According to the EU Commission, the use of pesticides in Europe is to be significantly reduced. Recently, it published a proposal for a new EU regulation that stipulates the reduction of pesticide use by half by 2030. The current authorisation of plant protection products obviously works against these goals. Therefore, the worksharing among EU states in authorisation should be reorganised in order to strengthen environmental protection across Europe. More on the new EU regulation here.
Approval and authorisation of plant protection products
Before plant protection products may be sold and used, they must pass a two-stage assessment process. First, the active ingredient is thoroughly investigated - for efficacy, environmental performance, ecological and health risks - and can finally be approved at EU level for 7-15 years.
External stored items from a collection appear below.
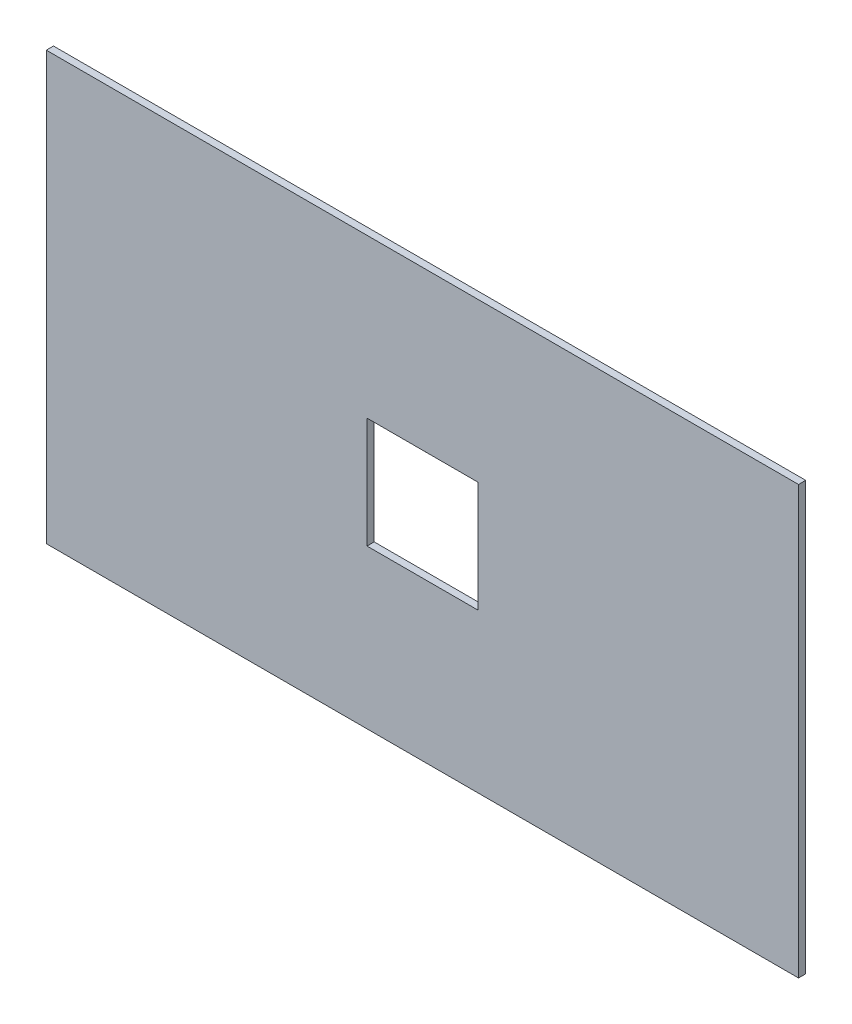
ISO-10303-21;
HEADER;
FILE_DESCRIPTION(('STEP AP214'),'2;1');
FILE_NAME('part.step','',(''),(''),'','','');
FILE_SCHEMA(('AUTOMOTIVE_DESIGN { 1 0 10303 214 1 1 1 1 }'));
ENDSEC;
DATA;
#1=APPLICATION_CONTEXT('core data for automotive mechanical design processes');
#2=APPLICATION_PROTOCOL_DEFINITION('international standard','automotive_design',2000,#1);
#3=PRODUCT_CONTEXT('',#1,'mechanical');
#4=PRODUCT('Part','Part','',(#3));
#5=PRODUCT_RELATED_PRODUCT_CATEGORY('part','',(#4));
#6=PRODUCT_DEFINITION_FORMATION('','',#4);
#7=PRODUCT_DEFINITION_CONTEXT('part definition',#1,'design');
#8=PRODUCT_DEFINITION('design','',#6,#7);
#9=PRODUCT_DEFINITION_SHAPE('','',#8);
#10=(LENGTH_UNIT() NAMED_UNIT(*) SI_UNIT(.MILLI.,.METRE.));
#11=(NAMED_UNIT(*) PLANE_ANGLE_UNIT() SI_UNIT($,.RADIAN.));
#12=(NAMED_UNIT(*) SI_UNIT($,.STERADIAN.) SOLID_ANGLE_UNIT());
#13=UNCERTAINTY_MEASURE_WITH_UNIT(LENGTH_MEASURE(1.E-05),#10,'distance_accuracy_value','');
#14=(GEOMETRIC_REPRESENTATION_CONTEXT(3) GLOBAL_UNCERTAINTY_ASSIGNED_CONTEXT((#13)) GLOBAL_UNIT_ASSIGNED_CONTEXT((#10,
#11,#12)) REPRESENTATION_CONTEXT('',''));
#15=CARTESIAN_POINT('',(0.,0.,0.));
#16=DIRECTION('',(0.,0.,1.));
#17=DIRECTION('',(1.,0.,0.));
#18=AXIS2_PLACEMENT_3D('',#15,#16,#17);
#19=CARTESIAN_POINT('',(0.,0.,2.667));
#20=DIRECTION('',(0.,0.,-1.));
#21=DIRECTION('',(-1.,0.,0.));
#22=AXIS2_PLACEMENT_3D('',#19,#20,#21);
#23=PLANE('',#22);
#24=DIRECTION('',(0.,1.,0.));
#25=VECTOR('',#24,1.);
#26=CARTESIAN_POINT('',(139.7,-79.375,2.667));
#27=LINE('',#26,#25);
#28=CARTESIAN_POINT('',(139.7,-79.375,2.667));
#29=VERTEX_POINT('',#28);
#30=CARTESIAN_POINT('',(139.7,79.375,2.667));
#31=VERTEX_POINT('',#30);
#32=EDGE_CURVE('E144',#29,#31,#27,.T.);
#33=ORIENTED_EDGE('',*,*,#32,.T.);
#34=DIRECTION('',(-1.,0.,0.));
#35=VECTOR('',#34,1.);
#36=CARTESIAN_POINT('',(-139.7,79.375,2.667));
#37=LINE('',#36,#35);
#38=CARTESIAN_POINT('',(-139.7,79.375,2.667));
#39=VERTEX_POINT('',#38);
#40=EDGE_CURVE('E147',#31,#39,#37,.T.);
#41=ORIENTED_EDGE('',*,*,#40,.T.);
#42=DIRECTION('',(0.,-1.,0.));
#43=VECTOR('',#42,1.);
#44=CARTESIAN_POINT('',(-139.7,-79.375,2.667));
#45=LINE('',#44,#43);
#46=CARTESIAN_POINT('',(-139.7,-79.375,2.667));
#47=VERTEX_POINT('',#46);
#48=EDGE_CURVE('E150',#39,#47,#45,.T.);
#49=ORIENTED_EDGE('',*,*,#48,.T.);
#50=DIRECTION('',(1.,0.,0.));
#51=VECTOR('',#50,1.);
#52=CARTESIAN_POINT('',(-139.7,-79.375,2.667));
#53=LINE('',#52,#51);
#54=EDGE_CURVE('E152',#47,#29,#53,.T.);
#55=ORIENTED_EDGE('',*,*,#54,.T.);
#56=EDGE_LOOP('',(#33,#41,#49,#55));
#57=FACE_BOUND('',#56,.T.);
#58=DIRECTION('',(0.,1.,0.));
#59=VECTOR('',#58,1.);
#60=CARTESIAN_POINT('',(20.574,0.,2.667));
#61=LINE('',#60,#59);
#62=CARTESIAN_POINT('',(20.574,-20.574,2.667));
#63=VERTEX_POINT('',#62);
#64=CARTESIAN_POINT('',(20.574,20.574,2.667));
#65=VERTEX_POINT('',#64);
#66=EDGE_CURVE('E111',#63,#65,#61,.T.);
#67=ORIENTED_EDGE('',*,*,#66,.F.);
#68=DIRECTION('',(1.,0.,0.));
#69=VECTOR('',#68,1.);
#70=CARTESIAN_POINT('',(0.,-20.574,2.667));
#71=LINE('',#70,#69);
#72=CARTESIAN_POINT('',(-20.574,-20.574,2.667));
#73=VERTEX_POINT('',#72);
#74=EDGE_CURVE('E114',#73,#63,#71,.T.);
#75=ORIENTED_EDGE('',*,*,#74,.F.);
#76=DIRECTION('',(0.,-1.,0.));
#77=VECTOR('',#76,1.);
#78=CARTESIAN_POINT('',(-20.574,0.,2.667));
#79=LINE('',#78,#77);
#80=CARTESIAN_POINT('',(-20.574,20.574,2.667));
#81=VERTEX_POINT('',#80);
#82=EDGE_CURVE('E138',#81,#73,#79,.T.);
#83=ORIENTED_EDGE('',*,*,#82,.F.);
#84=DIRECTION('',(-1.,0.,0.));
#85=VECTOR('',#84,1.);
#86=CARTESIAN_POINT('',(0.,20.574,2.667));
#87=LINE('',#86,#85);
#88=EDGE_CURVE('E140',#65,#81,#87,.T.);
#89=ORIENTED_EDGE('',*,*,#88,.F.);
#90=EDGE_LOOP('',(#67,#75,#83,#89));
#91=FACE_BOUND('',#90,.T.);
#92=ADVANCED_FACE('F43',(#57,#91),#23,.F.);
#93=CARTESIAN_POINT('',(0.,0.,0.));
#94=DIRECTION('',(0.,0.,-1.));
#95=DIRECTION('',(-1.,0.,0.));
#96=AXIS2_PLACEMENT_3D('',#93,#94,#95);
#97=PLANE('',#96);
#98=DIRECTION('',(0.,1.,0.));
#99=VECTOR('',#98,1.);
#100=CARTESIAN_POINT('',(139.7,-79.375,0.));
#101=LINE('',#100,#99);
#102=CARTESIAN_POINT('',(139.7,-79.375,0.));
#103=VERTEX_POINT('',#102);
#104=CARTESIAN_POINT('',(139.7,79.375,0.));
#105=VERTEX_POINT('',#104);
#106=EDGE_CURVE('E143',#103,#105,#101,.T.);
#107=ORIENTED_EDGE('',*,*,#106,.F.);
#108=DIRECTION('',(1.,0.,0.));
#109=VECTOR('',#108,1.);
#110=CARTESIAN_POINT('',(-139.7,-79.375,0.));
#111=LINE('',#110,#109);
#112=CARTESIAN_POINT('',(-139.7,-79.375,0.));
#113=VERTEX_POINT('',#112);
#114=EDGE_CURVE('E148',#113,#103,#111,.T.);
#115=ORIENTED_EDGE('',*,*,#114,.F.);
#116=DIRECTION('',(0.,-1.,0.));
#117=VECTOR('',#116,1.);
#118=CARTESIAN_POINT('',(-139.7,-79.375,0.));
#119=LINE('',#118,#117);
#120=CARTESIAN_POINT('',(-139.7,79.375,0.));
#121=VERTEX_POINT('',#120);
#122=EDGE_CURVE('E159',#121,#113,#119,.T.);
#123=ORIENTED_EDGE('',*,*,#122,.F.);
#124=DIRECTION('',(-1.,0.,0.));
#125=VECTOR('',#124,1.);
#126=CARTESIAN_POINT('',(-139.7,79.375,0.));
#127=LINE('',#126,#125);
#128=EDGE_CURVE('E157',#105,#121,#127,.T.);
#129=ORIENTED_EDGE('',*,*,#128,.F.);
#130=EDGE_LOOP('',(#107,#115,#123,#129));
#131=FACE_BOUND('',#130,.T.);
#132=DIRECTION('',(1.,0.,0.));
#133=VECTOR('',#132,1.);
#134=CARTESIAN_POINT('',(-20.574,-20.574,0.));
#135=LINE('',#134,#133);
#136=CARTESIAN_POINT('',(-20.574,-20.574,0.));
#137=VERTEX_POINT('',#136);
#138=CARTESIAN_POINT('',(20.574,-20.574,0.));
#139=VERTEX_POINT('',#138);
#140=EDGE_CURVE('E128',#137,#139,#135,.T.);
#141=ORIENTED_EDGE('',*,*,#140,.T.);
#142=DIRECTION('',(0.,1.,0.));
#143=VECTOR('',#142,1.);
#144=CARTESIAN_POINT('',(20.574,-20.574,0.));
#145=LINE('',#144,#143);
#146=CARTESIAN_POINT('',(20.574,20.574,0.));
#147=VERTEX_POINT('',#146);
#148=EDGE_CURVE('E66',#139,#147,#145,.T.);
#149=ORIENTED_EDGE('',*,*,#148,.T.);
#150=DIRECTION('',(-1.,0.,0.));
#151=VECTOR('',#150,1.);
#152=CARTESIAN_POINT('',(-20.574,20.574,0.));
#153=LINE('',#152,#151);
#154=CARTESIAN_POINT('',(-20.574,20.574,0.));
#155=VERTEX_POINT('',#154);
#156=EDGE_CURVE('E118',#147,#155,#153,.T.);
#157=ORIENTED_EDGE('',*,*,#156,.T.);
#158=DIRECTION('',(0.,-1.,0.));
#159=VECTOR('',#158,1.);
#160=CARTESIAN_POINT('',(-20.574,-20.574,0.));
#161=LINE('',#160,#159);
#162=EDGE_CURVE('E124',#155,#137,#161,.T.);
#163=ORIENTED_EDGE('',*,*,#162,.T.);
#164=EDGE_LOOP('',(#141,#149,#157,#163));
#165=FACE_BOUND('',#164,.T.);
#166=ADVANCED_FACE('F127',(#131,#165),#97,.T.);
#167=CARTESIAN_POINT('',(139.7,-79.375,2.667));
#168=DIRECTION('',(-1.,0.,0.));
#169=DIRECTION('',(0.,0.,1.));
#170=AXIS2_PLACEMENT_3D('',#167,#168,#169);
#171=PLANE('',#170);
#172=ORIENTED_EDGE('',*,*,#106,.T.);
#173=DIRECTION('',(0.,0.,-1.));
#174=VECTOR('',#173,1.);
#175=CARTESIAN_POINT('',(139.7,79.375,2.667));
#176=LINE('',#175,#174);
#177=EDGE_CURVE('E11',#31,#105,#176,.T.);
#178=ORIENTED_EDGE('',*,*,#177,.F.);
#179=ORIENTED_EDGE('',*,*,#32,.F.);
#180=DIRECTION('',(0.,0.,-1.));
#181=VECTOR('',#180,1.);
#182=CARTESIAN_POINT('',(139.7,-79.375,2.667));
#183=LINE('',#182,#181);
#184=EDGE_CURVE('E154',#29,#103,#183,.T.);
#185=ORIENTED_EDGE('',*,*,#184,.T.);
#186=EDGE_LOOP('',(#172,#178,#179,#185));
#187=FACE_BOUND('',#186,.T.);
#188=ADVANCED_FACE('F45',(#187),#171,.F.);
#189=CARTESIAN_POINT('',(-139.7,79.375,2.667));
#190=DIRECTION('',(0.,-1.,0.));
#191=DIRECTION('',(0.,0.,-1.));
#192=AXIS2_PLACEMENT_3D('',#189,#190,#191);
#193=PLANE('',#192);
#194=ORIENTED_EDGE('',*,*,#128,.T.);
#195=DIRECTION('',(0.,0.,-1.));
#196=VECTOR('',#195,1.);
#197=CARTESIAN_POINT('',(-139.7,79.375,2.667));
#198=LINE('',#197,#196);
#199=EDGE_CURVE('E51',#39,#121,#198,.T.);
#200=ORIENTED_EDGE('',*,*,#199,.F.);
#201=ORIENTED_EDGE('',*,*,#40,.F.);
#202=ORIENTED_EDGE('',*,*,#177,.T.);
#203=EDGE_LOOP('',(#194,#200,#201,#202));
#204=FACE_BOUND('',#203,.T.);
#205=ADVANCED_FACE('F186',(#204),#193,.F.);
#206=CARTESIAN_POINT('',(-139.7,-79.375,2.667));
#207=DIRECTION('',(1.,0.,0.));
#208=DIRECTION('',(0.,0.,-1.));
#209=AXIS2_PLACEMENT_3D('',#206,#207,#208);
#210=PLANE('',#209);
#211=ORIENTED_EDGE('',*,*,#122,.T.);
#212=DIRECTION('',(0.,0.,-1.));
#213=VECTOR('',#212,1.);
#214=CARTESIAN_POINT('',(-139.7,-79.375,2.667));
#215=LINE('',#214,#213);
#216=EDGE_CURVE('E164',#47,#113,#215,.T.);
#217=ORIENTED_EDGE('',*,*,#216,.F.);
#218=ORIENTED_EDGE('',*,*,#48,.F.);
#219=ORIENTED_EDGE('',*,*,#199,.T.);
#220=EDGE_LOOP('',(#211,#217,#218,#219));
#221=FACE_BOUND('',#220,.T.);
#222=ADVANCED_FACE('F171',(#221),#210,.F.);
#223=CARTESIAN_POINT('',(-139.7,-79.375,2.667));
#224=DIRECTION('',(0.,1.,0.));
#225=DIRECTION('',(0.,0.,1.));
#226=AXIS2_PLACEMENT_3D('',#223,#224,#225);
#227=PLANE('',#226);
#228=ORIENTED_EDGE('',*,*,#114,.T.);
#229=ORIENTED_EDGE('',*,*,#184,.F.);
#230=ORIENTED_EDGE('',*,*,#54,.F.);
#231=ORIENTED_EDGE('',*,*,#216,.T.);
#232=EDGE_LOOP('',(#228,#229,#230,#231));
#233=FACE_BOUND('',#232,.T.);
#234=ADVANCED_FACE('F179',(#233),#227,.F.);
#235=CARTESIAN_POINT('',(20.574,-20.574,47.752));
#236=DIRECTION('',(-1.,0.,0.));
#237=DIRECTION('',(0.,0.,1.));
#238=AXIS2_PLACEMENT_3D('',#235,#236,#237);
#239=PLANE('',#238);
#240=ORIENTED_EDGE('',*,*,#66,.T.);
#241=DIRECTION('',(0.,0.,-1.));
#242=VECTOR('',#241,1.);
#243=CARTESIAN_POINT('',(20.574,20.574,47.752));
#244=LINE('',#243,#242);
#245=EDGE_CURVE('E107',#65,#147,#244,.T.);
#246=ORIENTED_EDGE('',*,*,#245,.T.);
#247=ORIENTED_EDGE('',*,*,#148,.F.);
#248=DIRECTION('',(0.,0.,-1.));
#249=VECTOR('',#248,1.);
#250=CARTESIAN_POINT('',(20.574,-20.574,47.752));
#251=LINE('',#250,#249);
#252=EDGE_CURVE('E133',#63,#139,#251,.T.);
#253=ORIENTED_EDGE('',*,*,#252,.F.);
#254=EDGE_LOOP('',(#240,#246,#247,#253));
#255=FACE_BOUND('',#254,.T.);
#256=ADVANCED_FACE('F109',(#255),#239,.T.);
#257=CARTESIAN_POINT('',(-20.574,20.574,47.752));
#258=DIRECTION('',(0.,-1.,0.));
#259=DIRECTION('',(0.,0.,-1.));
#260=AXIS2_PLACEMENT_3D('',#257,#258,#259);
#261=PLANE('',#260);
#262=ORIENTED_EDGE('',*,*,#88,.T.);
#263=DIRECTION('',(0.,0.,-1.));
#264=VECTOR('',#263,1.);
#265=CARTESIAN_POINT('',(-20.574,20.574,47.752));
#266=LINE('',#265,#264);
#267=EDGE_CURVE('E115',#81,#155,#266,.T.);
#268=ORIENTED_EDGE('',*,*,#267,.T.);
#269=ORIENTED_EDGE('',*,*,#156,.F.);
#270=ORIENTED_EDGE('',*,*,#245,.F.);
#271=EDGE_LOOP('',(#262,#268,#269,#270));
#272=FACE_BOUND('',#271,.T.);
#273=ADVANCED_FACE('F119',(#272),#261,.T.);
#274=CARTESIAN_POINT('',(-20.574,-20.574,47.752));
#275=DIRECTION('',(1.,0.,0.));
#276=DIRECTION('',(0.,0.,-1.));
#277=AXIS2_PLACEMENT_3D('',#274,#275,#276);
#278=PLANE('',#277);
#279=ORIENTED_EDGE('',*,*,#82,.T.);
#280=DIRECTION('',(0.,0.,-1.));
#281=VECTOR('',#280,1.);
#282=CARTESIAN_POINT('',(-20.574,-20.574,47.752));
#283=LINE('',#282,#281);
#284=EDGE_CURVE('E58',#73,#137,#283,.T.);
#285=ORIENTED_EDGE('',*,*,#284,.T.);
#286=ORIENTED_EDGE('',*,*,#162,.F.);
#287=ORIENTED_EDGE('',*,*,#267,.F.);
#288=EDGE_LOOP('',(#279,#285,#286,#287));
#289=FACE_BOUND('',#288,.T.);
#290=ADVANCED_FACE('F209',(#289),#278,.T.);
#291=CARTESIAN_POINT('',(-20.574,-20.574,47.752));
#292=DIRECTION('',(0.,1.,0.));
#293=DIRECTION('',(0.,0.,1.));
#294=AXIS2_PLACEMENT_3D('',#291,#292,#293);
#295=PLANE('',#294);
#296=ORIENTED_EDGE('',*,*,#74,.T.);
#297=ORIENTED_EDGE('',*,*,#252,.T.);
#298=ORIENTED_EDGE('',*,*,#140,.F.);
#299=ORIENTED_EDGE('',*,*,#284,.F.);
#300=EDGE_LOOP('',(#296,#297,#298,#299));
#301=FACE_BOUND('',#300,.T.);
#302=ADVANCED_FACE('F213',(#301),#295,.T.);
#303=CLOSED_SHELL('',(#92,#166,#188,#205,#222,#234,#256,#273,#290,#302));
#304=MANIFOLD_SOLID_BREP('B2',#303);
#305=ADVANCED_BREP_SHAPE_REPRESENTATION('',(#18,#304),#14);
#306=SHAPE_DEFINITION_REPRESENTATION(#9,#305);
ENDSEC;
END-ISO-10303-21;

Approval is necessary in order to use the active ingredient in products that farmers then apply to the fields. The products themselves - usually consisting of several active substances and co-formulants - go through an authorisation process in which the efficacy and the effects on human health, and the environment are evaluated. Formally, each EU state grants authorisation on its own, but a comprehensive evaluation is carried out by only one state, which the other countries - with very few exceptions - must follow. The aims of this regulation are an efficient division of labour and harmonised product authorisation in the EU to ensure the free movement of goods. However, manufacturing companies can choose the evaluating state themselves and thus take advantage of the different framework conditions for authorisation in the individual countries as well as gaps in the harmonised assessment methodology. This lowers the standard of environmental protection throughout the EU - more in the UBA article "Pesticide approvals leverage environmental protection".
The product evaluation is in turn based to a large extent on the results of the EU active substance approval. Since this is theoretically renewed every 7-15 years, the data basis for the product evaluation is also correspondingly up-to-date. In practice, however, we notice a delay in the re-approval of many active substances. The active substance flufenacet, for example, was last approved in 2004. The review was repeatedly postponed and has not been completed to date; we expect an official conclusion in 2023 at the earliest. For one product, the court had prohibited the use of more recent data than those from 2004, although they had shown various risks for the environment. Product authorisations with flufenacet are thus far from the "current state of science and technology" that the EU Plant Protection Products Regulation actually requires (Regulation (EC) 1107/2009, Art. 29 (1)e).